In preparation for my Groupby.org presentation on Friday, I wanted to do a post about why SELECT * is bittersweet.
Let’s start with the bitter first:
- If I have a wide table (lots of columns or columns that have large data types) and I select them all, I am reading A LOT more data than I probably need to read which takes up processor. This will also take up space in my buffer cache and can knock other things out. I am making this sound extra scary to discourge anyone from doing it for a whole table or even a lot of rows.
- Indexing goes out the window with SELECT * because SQL will do a full table scan. If I create an index using every column to make it work (and please don’t do this, it stores the table twice) , someone will come along one day and add a column to my table and it will do a full table scan again. There will be a domino effect in my system leading to the end of the world or at least poor performance.

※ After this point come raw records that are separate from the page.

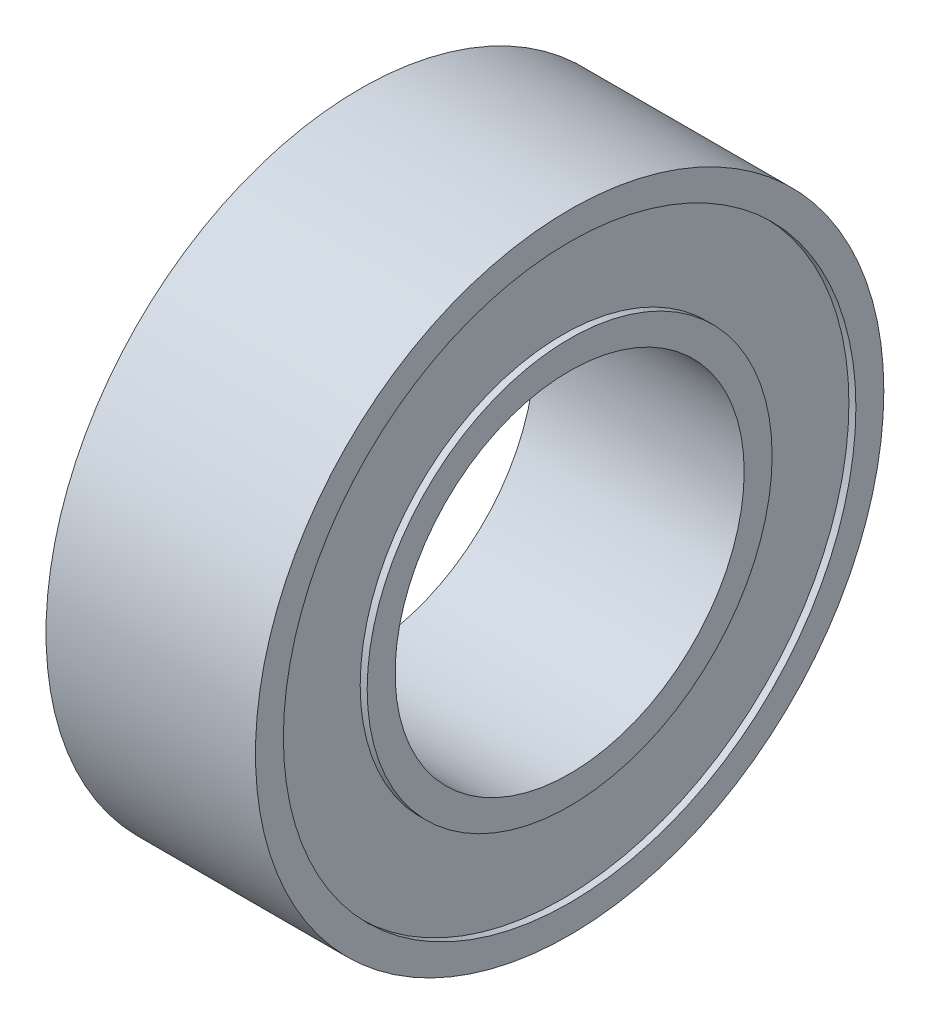
from build123d import *

# Parameters (mm, degrees)
SKETCH1_R           = 4.5
SKETCH1_R_2         = 2.5
BOSS_EXTRUDE1_DEPTH = 3
SKETCH2_R           = 4.1
SKETCH2_R_2         = 2.9
CUT_EXTRUDE1_DEPTH  = 0.1
CUT_EXTRUDE2_START  = -0.1
SKETCH3_R           = 4.1
SKETCH3_R_2         = 2.9
CUT_EXTRUDE2_DEPTH  = 0.1


with BuildPart() as part:
    # Sketch1 → Boss-Extrude1 (new body)
    with BuildSketch(Plane(origin=(0, 0, 0), x_dir=(0, 0, -1), z_dir=(1, 0, 0))):
        Circle(SKETCH1_R)
        Circle(SKETCH1_R_2, mode=Mode.SUBTRACT)
    extrude(amount=BOSS_EXTRUDE1_DEPTH)

    # Sketch2 → Cut-Extrude1 (cut)
    with BuildSketch(Plane(origin=(3, 0, 0), x_dir=(0, 0, -1), z_dir=(1, 0, 0))):
        Circle(SKETCH2_R)
        Circle(SKETCH2_R_2, mode=Mode.SUBTRACT)
    extrude(amount=-CUT_EXTRUDE1_DEPTH, mode=Mode.SUBTRACT)

    # Sketch3 → Cut-Extrude2 (cut)
    with BuildSketch(Plane.ZY.offset(CUT_EXTRUDE2_START)):
        with Locations(Location((0, 0, 0), (0, 0, 180))):
            Circle(SKETCH3_R)
        with Locations(Location((0, 0, 0), (0, 0, 180))):
            Circle(SKETCH3_R_2, mode=Mode.SUBTRACT)
    extrude(amount=CUT_EXTRUDE2_DEPTH, mode=Mode.SUBTRACT)


solid = part.part

- Using SELECT * in a Stored Procedure or View can seem simple and easy. I automatically have all the columns I need. What happens when I add a column to my table that lives underneathe? It can change the behavior or even break the Stored Procedure or View and anything that relys on them. Some of the issues may not show up at first for example, it may sort differently, or I may get duplicate data. Then, I have to go back through everything trying to figure out what changed and where to fix it. Huge headache ahead on this one.
We have seen the bitter, now let me show you the sweet:
- When I have a small table and can’t remember the names of all the columns, SELECT * is a quick way for me to see what the columns are named.
- When I need to see what the data looks like in the table, I can use SELECT Top 5 * and get an idea of the data. By limiting the data I am bringing back, I don’t cause as many of the scary reads which uses less processor and I don’t fill up my buffer cache with useless stuff.
SELECT * Can be a friend if it is used carefully and knowingly.
*Update* Here is the GroupBy Presentation I did on T-SQL for Beginners if you would like to watch it.
The song for this post is Bittersweet by Panic! At the Disco
Hi, I was listening to your GroupBy presentation today via podcast, and I wanted to offer a correction. The BETWEEN operator *does* include the end-points. I.e. “myInteger between 1 and 5” includes all integers in (1,2,3,4,5). I like your presentation style, very newbie-friendly!
It looks like the host stepped in and clarified, nice. Kudos on a great session!
Thank you for the kind words! Have an awesome day!